#### THE TASK:
Exactly and only the lines from the first entry through the line with "blk = doc.blocks.new('filled_arrow')" should be copied, both ends included, with no pictures.

....

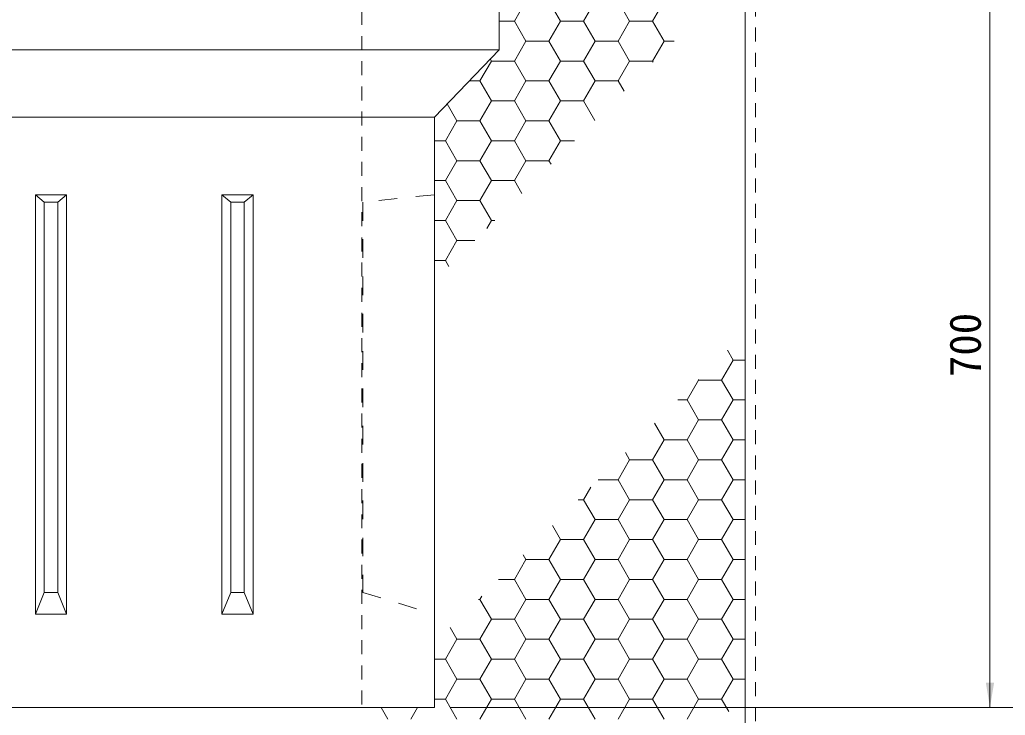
# Model space of a CAD drawing. Units: millimetres at full size; details may follow other scales. Extents: x 40781 to 122968, y -21714 to -2620.
# Drawn here: x 75521 to 76472, y -18406 to -17735 of the extents above; entities that cross this region are included whole.
import ezdxf
from ezdxf.enums import TextEntityAlignment as Align

# ---------------------------------------------------------------- set-up
doc = ezdxf.new("R2010")
doc.units = ezdxf.units.MM
doc.header["$LTSCALE"] = 18
doc.linetypes.add('USER2', pattern=[1.35, 0.75, -0.6])
doc.linetypes.add('USER3', pattern=[2, 1, -1])
for name, color, linetype, lineweight in [('0_2', 7, 'Continuous', 9), ('ハッチング', 7, 'Continuous', 5), ('寸法線', 7, 'Continuous', 9), ('本体', 2, 'Continuous', 13)]:
    doc.layers.add(name, color=color, linetype=linetype, lineweight=lineweight)
doc.styles.add('ＭＳ ゴシック', font='')
doc.styles.get('ＭＳ ゴシック').set_extended_font_data('MS Gothic')

# ---------------------------------------------------------------- blocks, each defined once
blk = doc.blocks.new('filled_arrow')
at = {"color": 0, "linetype": 'Continuous', "lineweight": -2}
blk.add_solid([(7.5, 1.25), (0, 0), (7.5, -1.25)], dxfattribs=at)

msp = doc.modelspace()

# ---------------------------------------------------------------- linework, layer by layer
at = {"layer": '0_2'}
for p, q in [((75536.1, -17903.76), (75544.6, -17910.8)), ((75557.6, -17910.8), (75566.1, -17903.76)), ((75716.1, -17903.76), (75724.6, -17910.8)), ((75737.6, -17910.8), (75746.1, -17903.76)), ((75536.1, -18308.72), (75544.6, -18287.59)), ((75557.6, -18287.59), (75566.1, -18308.72)), ((75716.1, -18308.72), (75724.6, -18287.59)), ((75737.6, -18287.59), (75746.1, -18308.72))]:
    msp.add_line(p, q, dxfattribs=at)
at = {"layer": '0_2', "linetype": 'USER3'}
for p, q in [((75921.1, -17903.76), (75852.1, -17910.8)), ((75852.1, -17910.8), (75852.1, -18287.59)), ((75852.1, -18287.59), (75921.1, -18308.72))]:
    msp.add_line(p, q, dxfattribs=at)
at = {"layer": '0_2'}
for points in [[(75536.1, -17903.76), (75566.1, -17903.76), (75566.1, -18308.72), (75536.1, -18308.72)], [(75544.6, -17910.8), (75557.6, -17910.8), (75557.6, -18287.59), (75544.6, -18287.59)], [(75716.1, -17903.76), (75746.1, -17903.76), (75746.1, -18308.72), (75716.1, -18308.72)], [(75724.6, -17910.8), (75737.6, -17910.8), (75737.6, -18287.59), (75724.6, -18287.59)]]:
    msp.add_lwpolyline(points, close=True, dxfattribs=at)
at = {"layer": 'ハッチング'}
for p, q in [((75998.39, -17736.18), (76009.5, -17716.94)), ((76042.84, -17736.18), (76031.72, -17716.94)), ((76065.06, -17736.18), (76076.17, -17716.94)), ((76109.51, -17736.18), (76098.4, -17716.94)), ((76131.74, -17736.18), (76142.85, -17716.94)), ((75983.6, -17736.18), (75998.39, -17736.18)), ((76009.5, -17755.43), (75998.39, -17736.18)), ((76031.72, -17755.43), (76042.84, -17736.18)), ((76042.84, -17736.18), (76065.06, -17736.18)), ((76076.17, -17755.43), (76065.06, -17736.18)), ((76098.4, -17755.43), (76109.51, -17736.18)), ((76109.51, -17736.18), (76131.74, -17736.18)), ((76142.85, -17755.43), (76131.74, -17736.18)), ((75998.39, -17774.68), (76009.5, -17755.43)), ((76009.5, -17755.43), (76031.73, -17755.43)), ((76042.84, -17774.68), (76031.72, -17755.43)), ((76065.06, -17774.68), (76076.17, -17755.43)), ((76076.18, -17755.43), (76098.4, -17755.43)), ((76109.51, -17774.68), (76098.4, -17755.43)), ((76131.74, -17774.68), (76142.85, -17755.43)), ((76142.85, -17755.43), (76152.6, -17755.43)), ((75965.05, -17793.93), (75976.16, -17774.68)), ((75976.16, -17774.68), (75975.01, -17772.68)), ((75976.16, -17774.68), (75998.39, -17774.68)), ((76009.5, -17793.93), (75998.39, -17774.68)), ((76031.72, -17793.93), (76042.84, -17774.68)), ((76042.84, -17774.68), (76065.06, -17774.68)), ((76076.17, -17793.93), (76065.06, -17774.68)), ((76098.4, -17793.93), (76109.51, -17774.68)), ((76109.51, -17774.68), (76131.74, -17774.68)), ((76132.33, -17775.7), (76131.74, -17774.68)), ((75954.59, -17793.93), (75965.05, -17793.93)), ((75976.16, -17813.17), (75965.05, -17793.93)), ((75998.39, -17813.17), (76009.5, -17793.93)), ((76009.5, -17793.93), (76031.73, -17793.93)), ((76042.84, -17813.17), (76031.72, -17793.93)), ((76065.06, -17813.17), (76076.17, -17793.93)), ((76076.18, -17793.93), (76098.4, -17793.93)), ((76104.15, -17803.88), (76098.4, -17793.93)), ((75942.82, -17832.42), (75933.35, -17816.01)), ((75965.05, -17832.42), (75976.16, -17813.17)), ((75976.16, -17813.17), (75998.39, -17813.17)), ((76009.5, -17832.42), (75998.39, -17813.17)), ((76031.72, -17832.42), (76042.84, -17813.17)), ((76042.84, -17813.17), (76065.06, -17813.17)), ((76075.97, -17832.06), (76065.06, -17813.17)), ((75931.71, -17851.67), (75942.82, -17832.42)), ((75942.82, -17832.42), (75965.05, -17832.42)), ((75976.16, -17851.67), (75965.05, -17832.42)), ((75998.39, -17851.67), (76009.5, -17832.42)), ((76009.5, -17832.42), (76031.73, -17832.42)), ((76042.84, -17851.67), (76031.72, -17832.42)), ((75921.1, -17851.67), (75931.71, -17851.67)), ((75942.82, -17870.91), (75931.71, -17851.67)), ((75965.05, -17870.91), (75976.16, -17851.67)), ((75976.16, -17851.67), (75998.39, -17851.67)), ((76009.5, -17870.91), (75998.39, -17851.67)), ((76031.72, -17870.91), (76042.84, -17851.67)), ((76042.84, -17851.67), (76056.36, -17851.67)), ((75931.71, -17890.16), (75942.82, -17870.91)), ((75942.82, -17870.91), (75965.05, -17870.91)), ((75976.16, -17890.16), (75965.05, -17870.91)), ((75998.39, -17890.16), (76009.5, -17870.91)), ((76009.5, -17870.91), (76031.73, -17870.91)), ((76033.7, -17874.33), (76031.72, -17870.91)), ((75921.1, -17890.16), (75931.71, -17890.16)), ((75942.82, -17909.41), (75931.71, -17890.16)), ((75965.05, -17909.41), (75976.16, -17890.16)), ((75976.16, -17890.16), (75998.39, -17890.16)), ((76005.52, -17902.51), (75998.39, -17890.16)), ((75931.71, -17928.66), (75942.82, -17909.41)), ((75942.82, -17909.41), (75965.05, -17909.41)), ((75976.16, -17928.66), (75965.05, -17909.41)), ((75921.1, -17928.66), (75931.71, -17928.66)), ((75942.82, -17947.9), (75931.71, -17928.66)), ((75971.78, -17936.25), (75976.16, -17928.66)), ((75976.16, -17928.66), (75979.37, -17928.66)), ((75931.71, -17967.15), (75942.82, -17947.9)), ((75942.82, -17947.9), (75960.13, -17947.9)), ((75921.1, -17967.15), (75931.71, -17967.15)), ((75935.07, -17972.96), (75931.71, -17967.15)), ((76209.52, -18063.39), (76204.08, -18053.95)), ((76198.41, -18082.64), (76209.52, -18063.39)), ((76209.52, -18063.39), (76221.1, -18063.39)), ((76165.07, -18101.88), (76176.19, -18082.64)), ((76176.19, -18082.64), (76175.9, -18082.13)), ((76176.19, -18082.64), (76198.41, -18082.64)), ((76209.52, -18101.88), (76198.41, -18082.64)), ((76156.15, -18101.88), (76165.07, -18101.88)), ((76176.19, -18121.13), (76165.07, -18101.88)), ((76198.41, -18121.13), (76209.52, -18101.88)), ((76209.52, -18101.88), (76221.1, -18101.88)), ((76165.07, -18140.38), (76176.19, -18121.13)), ((76176.19, -18121.13), (76198.41, -18121.13)), ((76209.52, -18140.38), (76198.41, -18121.13)), ((76142.85, -18140.38), (76133.63, -18124.4)), ((76131.74, -18159.63), (76142.85, -18140.38)), ((76142.85, -18140.38), (76165.07, -18140.38)), ((76176.19, -18159.63), (76165.07, -18140.38)), ((76198.41, -18159.63), (76209.52, -18140.38)), ((76209.52, -18140.38), (76221.1, -18140.38)), ((76098.4, -18178.87), (76109.51, -18159.63)), ((76109.51, -18159.63), (76105.45, -18152.58)), ((76109.51, -18159.63), (76131.74, -18159.63)), ((76142.85, -18178.87), (76131.74, -18159.63)), ((76165.07, -18178.87), (76176.19, -18159.63)), ((76176.19, -18159.63), (76198.41, -18159.63)), ((76209.52, -18178.87), (76198.41, -18159.63)), ((76079.16, -18178.87), (76098.4, -18178.87)), ((76109.51, -18198.12), (76098.4, -18178.87)), ((76131.74, -18198.12), (76142.85, -18178.87)), ((76142.85, -18178.87), (76165.07, -18178.87)), ((76176.19, -18198.12), (76165.07, -18178.87)), ((76198.41, -18198.12), (76209.52, -18178.87)), ((76209.52, -18178.87), (76221.1, -18178.87)), ((76065.06, -18198.12), (76072.1, -18185.93)), ((76059.91, -18198.12), (76065.06, -18198.12)), ((76076.17, -18217.37), (76065.06, -18198.12)), ((76098.4, -18217.37), (76109.51, -18198.12)), ((76109.51, -18198.12), (76131.74, -18198.12)), ((76142.85, -18217.37), (76131.74, -18198.12)), ((76165.07, -18217.37), (76176.19, -18198.12)), ((76176.19, -18198.12), (76198.41, -18198.12)), ((76209.52, -18217.37), (76198.41, -18198.12)), ((76065.06, -18236.62), (76076.17, -18217.37)), ((76076.18, -18217.37), (76098.4, -18217.37)), ((76109.51, -18236.62), (76098.4, -18217.37)), ((76131.74, -18236.62), (76142.85, -18217.37)), ((76142.85, -18217.37), (76165.07, -18217.37)), ((76176.19, -18236.62), (76165.07, -18217.37)), ((76198.41, -18236.62), (76209.52, -18217.37)), ((76209.52, -18217.37), (76221.1, -18217.37)), ((76042.84, -18236.62), (76035, -18223.03)), ((76031.72, -18255.86), (76042.84, -18236.62)), ((76042.84, -18236.62), (76065.06, -18236.62)), ((76076.17, -18255.86), (76065.06, -18236.62)), ((76098.4, -18255.86), (76109.51, -18236.62)), ((76109.51, -18236.62), (76131.74, -18236.62)), ((76142.85, -18255.86), (76131.74, -18236.62)), ((76165.07, -18255.86), (76176.19, -18236.62)), ((76176.19, -18236.62), (76198.41, -18236.62)), ((76209.52, -18255.86), (76198.41, -18236.62)), ((76009.5, -18255.86), (76006.82, -18251.21)), ((75998.39, -18275.11), (76009.5, -18255.86)), ((76009.5, -18255.86), (76031.73, -18255.86)), ((76042.84, -18275.11), (76031.72, -18255.86)), ((76065.06, -18275.11), (76076.17, -18255.86)), ((76076.18, -18255.86), (76098.4, -18255.86)), ((76109.51, -18275.11), (76098.4, -18255.86)), ((76131.74, -18275.11), (76142.85, -18255.86)), ((76142.85, -18255.86), (76165.07, -18255.86)), ((76176.19, -18275.11), (76165.07, -18255.86)), ((76198.41, -18275.11), (76209.52, -18255.86)), ((76209.52, -18255.86), (76221.1, -18255.86)), ((75982.92, -18275.11), (75998.39, -18275.11)), ((76009.5, -18294.36), (75998.39, -18275.11)), ((76031.72, -18294.36), (76042.84, -18275.11)), ((76042.84, -18275.11), (76065.06, -18275.11)), ((76076.17, -18294.36), (76065.06, -18275.11)), ((76098.4, -18294.36), (76109.51, -18275.11)), ((76109.51, -18275.11), (76131.74, -18275.11)), ((76142.85, -18294.36), (76131.74, -18275.11)), ((76165.07, -18294.36), (76176.19, -18275.11)), ((76176.19, -18275.11), (76198.41, -18275.11)), ((76209.52, -18294.36), (76198.41, -18275.11)), ((75965.05, -18294.36), (75966.93, -18291.1)), ((75963.67, -18294.36), (75965.05, -18294.36)), ((75976.16, -18313.61), (75965.05, -18294.36)), ((75998.39, -18313.61), (76009.5, -18294.36)), ((76009.5, -18294.36), (76031.73, -18294.36)), ((76042.84, -18313.61), (76031.72, -18294.36)), ((76065.06, -18313.61), (76076.17, -18294.36)), ((76076.18, -18294.36), (76098.4, -18294.36)), ((76109.51, -18313.61), (76098.4, -18294.36)), ((76131.74, -18313.61), (76142.85, -18294.36)), ((76142.85, -18294.36), (76165.07, -18294.36)), ((76176.19, -18313.61), (76165.07, -18294.36)), ((76198.41, -18313.61), (76209.52, -18294.36)), ((76209.52, -18294.36), (76221.1, -18294.36)), ((75942.82, -18332.85), (75936.37, -18321.66)), ((75965.05, -18332.85), (75976.16, -18313.61)), ((75976.16, -18313.61), (75998.39, -18313.61)), ((76009.5, -18332.85), (75998.39, -18313.61)), ((76031.72, -18332.85), (76042.84, -18313.61)), ((76042.84, -18313.61), (76065.06, -18313.61)), ((76076.17, -18332.85), (76065.06, -18313.61)), ((76098.4, -18332.85), (76109.51, -18313.61)), ((76109.51, -18313.61), (76131.74, -18313.61)), ((76142.85, -18332.85), (76131.74, -18313.61)), ((76165.07, -18332.85), (76176.19, -18313.61)), ((76176.19, -18313.61), (76198.41, -18313.61)), ((76209.52, -18332.85), (76198.41, -18313.61)), ((75931.71, -18352.1), (75942.82, -18332.85)), ((75942.82, -18332.85), (75965.05, -18332.85)), ((75976.16, -18352.1), (75965.05, -18332.85)), ((75998.39, -18352.1), (76009.5, -18332.85)), ((76009.5, -18332.85), (76031.73, -18332.85)), ((76042.84, -18352.1), (76031.72, -18332.85)), ((76065.06, -18352.1), (76076.17, -18332.85)), ((76076.18, -18332.85), (76098.4, -18332.85)), ((76109.51, -18352.1), (76098.4, -18332.85)), ((76131.74, -18352.1), (76142.85, -18332.85)), ((76142.85, -18332.85), (76165.07, -18332.85)), ((76176.19, -18352.1), (76165.07, -18332.85)), ((76198.41, -18352.1), (76209.52, -18332.85)), ((76209.52, -18332.85), (76221.1, -18332.85)), ((75921.1, -18352.1), (75931.71, -18352.1)), ((75942.82, -18371.35), (75931.71, -18352.1)), ((75965.05, -18371.35), (75976.16, -18352.1)), ((75976.16, -18352.1), (75998.39, -18352.1)), ((76009.5, -18371.35), (75998.39, -18352.1)), ((76031.72, -18371.35), (76042.84, -18352.1)), ((76042.84, -18352.1), (76065.06, -18352.1)), ((76076.17, -18371.35), (76065.06, -18352.1)), ((76098.4, -18371.35), (76109.51, -18352.1)), ((76109.51, -18352.1), (76131.74, -18352.1)), ((76142.85, -18371.35), (76131.74, -18352.1)), ((76165.07, -18371.35), (76176.19, -18352.1)), ((76176.19, -18352.1), (76198.41, -18352.1)), ((76209.52, -18371.35), (76198.41, -18352.1)), ((75931.71, -18390.59), (75942.82, -18371.35)), ((75942.82, -18371.35), (75965.05, -18371.35)), ((75976.16, -18390.6), (75965.05, -18371.35)), ((75998.39, -18390.59), (76009.5, -18371.35)), ((76009.5, -18371.35), (76031.73, -18371.35)), ((76042.84, -18390.6), (76031.72, -18371.35)), ((76065.06, -18390.59), (76076.17, -18371.35)), ((76076.18, -18371.35), (76098.4, -18371.35)), ((76109.51, -18390.6), (76098.4, -18371.35)), ((76131.74, -18390.59), (76142.85, -18371.35)), ((76142.85, -18371.35), (76165.07, -18371.35)), ((76176.19, -18390.6), (76165.07, -18371.35)), ((76198.41, -18390.59), (76209.52, -18371.35)), ((76209.52, -18371.35), (76221.1, -18371.35)), ((75921.1, -18390.59), (75931.71, -18390.59)), ((75942.82, -18409.84), (75931.71, -18390.6)), ((75965.05, -18409.84), (75976.16, -18390.59)), ((75976.16, -18390.59), (75998.39, -18390.59)), ((76009.5, -18409.84), (75998.39, -18390.6)), ((76031.72, -18409.84), (76042.84, -18390.59)), ((76042.84, -18390.59), (76065.06, -18390.59)), ((76076.17, -18409.84), (76065.06, -18390.6)), ((76098.4, -18409.84), (76109.51, -18390.59)), ((76109.51, -18390.59), (76131.74, -18390.59)), ((76142.85, -18409.84), (76131.74, -18390.6)), ((76165.07, -18409.84), (76176.19, -18390.59)), ((76176.19, -18390.59), (76198.41, -18390.59)), ((76205.37, -18402.65), (76198.41, -18390.6)), ((75876.15, -18409.84), (75869.75, -18398.76)), ((75898.37, -18409.84), (75904.77, -18398.76))]:
    msp.add_line(p, q, dxfattribs=at)
at = {"layer": 'ハッチング', "linetype": 'USER2', "lineweight": 9}
msp.add_lwpolyline([(75921.1, -16478.76), (76231.1, -16478.76), (76231.1, -18658.76), (74871.1, -18658.76), (74871.1, -16478.76), (75181.1, -16478.76)], dxfattribs=at)
at = {"layer": 'ハッチング', "lineweight": 20}
msp.add_lwpolyline([(75181.1, -16488.76), (74881.1, -16488.76), (74881.1, -18648.76), (76221.1, -18648.76), (76221.1, -16488.76), (75921.1, -16488.76)], dxfattribs=at)
at = {"layer": '寸法線'}
for p, q in [((76457.39, -17698.75), (76457.39, -18398.76)), ((75937.1, -18398.76), (76550.66, -18398.76)), ((75937.1, -18398.76), (76550.66, -18398.76)), ((75937.1, -18398.76), (76457.39, -18398.76))]:
    msp.add_line(p, q, dxfattribs=at)
at = {"layer": '本体'}
for p, q in [((75983.6, -17644.76), (75983.6, -17763.76)), ((75181.1, -18398.76), (75921.1, -18398.76))]:
    msp.add_line(p, q, dxfattribs=at)
at = {"layer": '本体', "linetype": 'USER2'}
msp.add_line((75851.1, -17701.97), (75851.1, -18398.76), dxfattribs=at)
at = {"layer": '本体', "lineweight": 9}
for p, q in [((75118.6, -17763.76), (75983.6, -17763.76)), ((75921.1, -17828.76), (75181.1, -17828.76))]:
    msp.add_line(p, q, dxfattribs=at)
at = {"layer": '本体'}
msp.add_lwpolyline([(75983.6, -17763.76), (75921.1, -17828.76), (75921.1, -18398.76)], dxfattribs=at)

# ---------------------------------------------------------------- block references
at = {"layer": '寸法線', "xscale": 3.2, "yscale": 3.2, "rotation": 90}
msp.add_blockref('filled_arrow', (76457.39, -18398.76), dxfattribs=at)

# ---------------------------------------------------------------- texts
at = {"layer": '寸法線', "style": 'ＭＳ ゴシック'}
msp.add_text('700', height=30.38, rotation=90, dxfattribs=at).set_placement((76433.39, -18048.76), align=Align.MIDDLE_CENTER)

doc.saveas('drawing.dxf')

....

#### ANSWER TO THE EXERCISE:
# Model space of a CAD drawing. Units: millimetres at full size; details may follow other scales. Extents: x 40781 to 122968, y -21714 to -2620.
# Drawn here: x 75521 to 76472, y -18406 to -17735 of the extents above; entities that cross this region are included whole.
import ezdxf
from ezdxf.enums import TextEntityAlignment as Align

# ---------------------------------------------------------------- set-up
doc = ezdxf.new("R2010")
doc.units = ezdxf.units.MM
doc.header["$LTSCALE"] = 18
doc.linetypes.add('USER2', pattern=[1.35, 0.75, -0.6])
doc.linetypes.add('USER3', pattern=[2, 1, -1])
for name, color, linetype, lineweight in [('0_2', 7, 'Continuous', 9), ('ハッチング', 7, 'Continuous', 5), ('寸法線', 7, 'Continuous', 9), ('本体', 2, 'Continuous', 13)]:
    doc.layers.add(name, color=color, linetype=linetype, lineweight=lineweight)
doc.styles.add('ＭＳ ゴシック', font='')
doc.styles.get('ＭＳ ゴシック').set_extended_font_data('MS Gothic')

# ---------------------------------------------------------------- blocks, each defined once
blk = doc.blocks.new('filled_arrow')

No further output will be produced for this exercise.